Und dann der Schock: Nun, mit fast 40 Jahren, war ich plötzlich schwanger! Mein Partner ist fast 50 und hat eine erwachsene Tochter. Wir haben seit 6 Jahren nicht verhütet, weil ich immer dachte, ich würde eh nicht mehr schwanger werden. Anfangs haben wirs einfach drauf ankommen lassen, später dann nur noch gehofft, dass nichts passiert. Wie unbekümmert, aber nach 18 Jahren unverhütet wird man einfach leichtsinnig. Nach dem positiven Test bin ich einfach nur zusammengebrochen. Wie konnte das jetzt alles noch passieren? Ich fühlte mich einfach nur leer und völlig verzweifelt. Es gab zu Hause unzählige Diskussionen, weil mein Partner mit der Situation auch völlig überfordert war. Das verstehe ich heute. Letztlich hätte er mich aber nicht allein gelassen.
Ich aber wusste jedenfalls überhaupt nicht mehr weiter. Mein Gefühlsleben fuhr im Stundenrythmus absolut Achterbahn. Mal konnte ich mich fast mit dem Gedanken anfreunden, die Chance anzunehmen, aber kurz danach überfiel mich die totale Panik. Ich wollte diese Schwangerschaft nicht mehr! Ich sagte zwei Termine für einen Abbruch am Vorabend völlig panisch ab, weil ich so große Angst vor den Konsequenzen hatte. Dann war ich für ein paar Stunden erleichtert und dann überkam mich die nächste Panik, dass ich das alles nicht schaffen würde. Ich hatte zu dem Baby in meinem Körper überhaupt keinen Bezug und wollte alles nur ungeschehen machen. Nun lief die Zeit ab. Diese 12 Wochen-Frist ist die absolute Härte und setzt einen nur zusätzlich unter Druck, denke ich. Jedenfalls hatte ich gestern - am letzten Tag der Möglichkeit - den nächsten Termin. Und ich bin hingegangen, weil ich einfach nicht mehr konnte. Nach dem Eingriff war ich erst einmal erleichtert. Am Abend und heute sah/sieht es ganz anders aus. Ich hatte mich gegen mein Baby entschieden aus div. Gründen, aber nun geht es mir auch nicht besser und ich frage mich, warum ich mir nicht vorher schon proffessionelle Hilfe geholt habe. Dieses Baby war die einzige Chance in meinem Leben und ich konnte sie nicht annehmen. Warum nur?

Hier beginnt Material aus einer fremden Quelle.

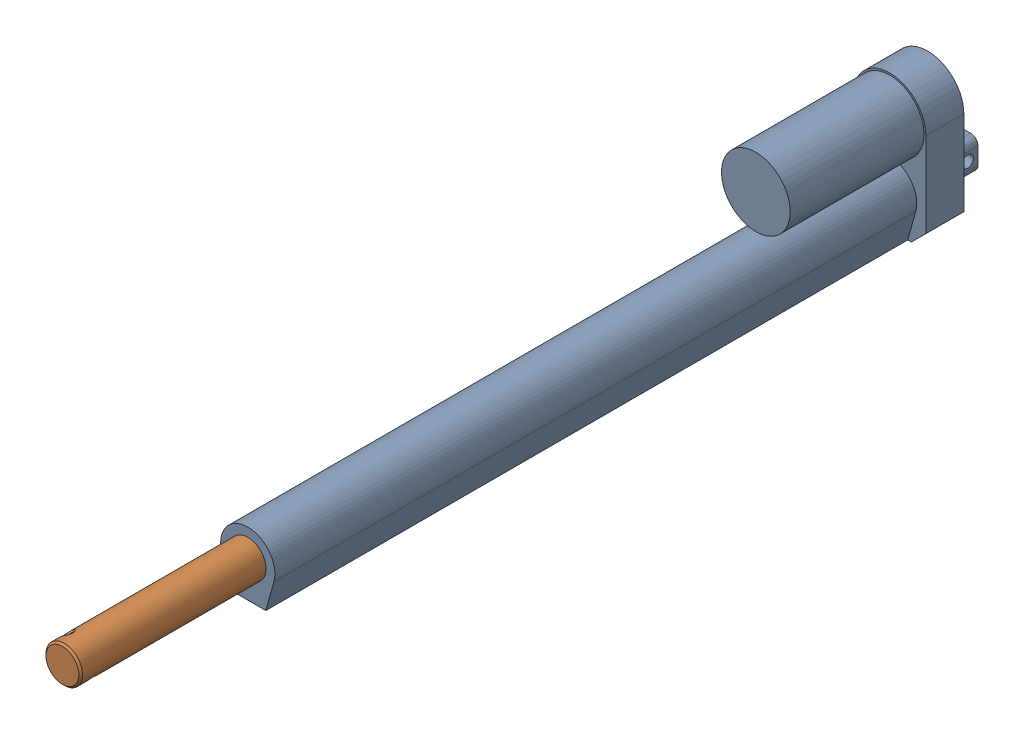
SolidWorks assembly Final1masterActuator_Assembly, configuration Default. Lengths in mm.
Overall size (40 75 497.7).
2 component instances, 2 part files, 2 mates.
Components (placement in the parent):
- Final1masterActuator_Body-1: Final1masterActuator_Body [Default] at (89.6726 206.5505 155.2608) size (40 75 395.2)
- Final1masterActuator_Shaft-1: Final1masterActuator_Shaft [Default] at (89.6726 189.0505 310.4608) x (-0.596785 0.802402 0) z (0 0 1) size (20.2 20.2 323.3)
Mates (geometry in assembly coordinates):
- Concentric1: concentric aligned: circle of masterActuator_Body-1; circle of masterActuator_Shaft-1
- LimitDistance1: limit distance = 33.1 mm aligned: plane of masterActuator_Shaft-1 through (89.6726 189.0505 633.7608) normal (0 0 1); plane of masterActuator_Body-1 through (89.6726 189.0505 531.2608) normal (0 0 1)

Ich weiß, dass ich dir mit meinen Zeilen wahrscheinlich auch nicht weiterhelfen werde. Ich habe unzählige Berichte in den Foren gelesen und eigentlich hat mich das nur noch mehr kirre gemacht. Was ich dir aber unbedingt auf den Weg geben möchte, ist, dass du dir bitte ganz schnell proffesionelle Hilfe suchen solltest! Du hast noch Zeit, dich zu entscheiden und vielleicht gelingt es dir mit Hilfe, das Baby in deinem Körper anzunehmen. Bei mir ist es nun zu spät und ich werde den Rest meines Lebens mit dieser Entscheidung leben müssen. Und ich weiß, dass ich es ohne proffessionelle Hilfe nicht schaffen werde, darüber hinweg zu kommen.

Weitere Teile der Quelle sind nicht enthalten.